On a Mac, are there ways either inside of the Ruby program and by using the OS to tell that the memory use is in fact minimal (O(1) space) to verify that no actual array is created?

P.S. one way is to make n quite big such as 100000000, run it, and use ps v in another shell to see that memory is at a low % (as compared to running a program with (0..n).to_a.inject(:^)), but I am not sure if there is a better way.

nonopolarity
  • 146,324
  • 131
  • 460
  • 740
  • 1
    In general, Ruby won't create an array unless it really has to, see https://stackoverflow.com/q/6487747/479863 (which is about 1.9.2 but it is highly unlikely that the behavior has changed for the worse). – mu is too short Aug 19 '19 at 00:45

2 Answers2

3

None of those three create an array. The first creates a Range, the last two create an Enumerator.
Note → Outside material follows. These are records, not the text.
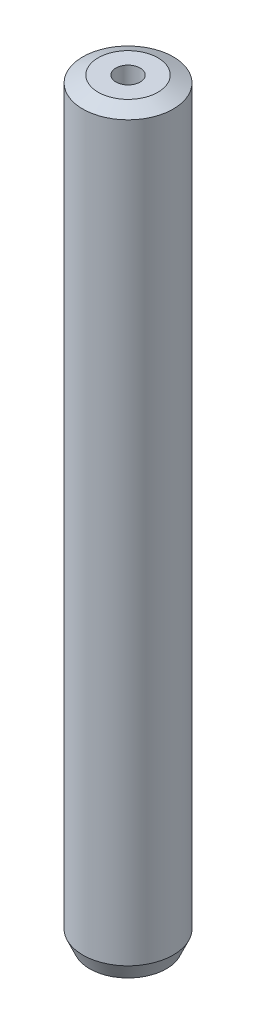
SolidWorks part; units mm, degrees
ref_plane "Front Plane" through (0, 0, 0) normal (0, 0, 1) x (1, 0, 0)
ref_plane "Top Plane" through (0, 0, 0) normal (0, 1, 0) x (1, 0, 0)
ref_plane "Right Plane" through (0, 0, 0) normal (1, 0, 0) x (0, 0, -1)
sketch "Sketch1" plane through (0, 0, 0) normal (0, 1, 0) x (1, 0, 0)
  circle A0 centre (0, 0) radius 10
  dimension "SHAFT_OD" = 20
extrude "Boss-Extrude1" add sketch "Sketch1" along normal blind 166.8206
sketch "Sketch2" plane through (0, 0, 0) normal (0, 1, 0) x (1, 0, 0)
  circle A0 centre (0, 0) radius 2.6863
  dimension "BORE_D" = 5.3725
extrude "Cut-Extrude1" cut sketch "Sketch2" along normal through all
chamfer "Chamfer1" distance 1.5091 angle 66.06 2 edges at (0, 166.8206, 10) (0, 0, 10) first distance on face at (0, 166.8206, 10) first distance on face at (0, 0, 2.6863)

Proof (in MRI only, tested on 2.6.3p62):

# Does not create an array:
ruby -e 's = {}; GC.start; p "Before: #{ObjectSpace.count_objects(s)[:T_STRING]}"; ("AAAA".."ZZZZ").each { |x| p "During: #{ObjectSpace.count_objects(s)[:T_STRING]}" if x == "ZZZZ" }'
# => "Before: 8417"
# => "During: 16979"

# Creates an array:
ruby -e 's = {}; GC.start; p "Before: #{ObjectSpace.count_objects(s)[:T_STRING]}"; ("AAAA".."ZZZZ").to_a.each { |x| p "During: #{ObjectSpace.count_objects(s)[:T_STRING]}" if x == "ZZZZ" }'
# => "Before: 8417"
# => "During: 780125"

The only difference between the two is #to_a inserted before #each. The exact numbers will change from run to run, but the magnitude should be obviously different. I went with strings rather than integers because small integers are not implemented as objects and cannot be counted by Objectspace::count_objects.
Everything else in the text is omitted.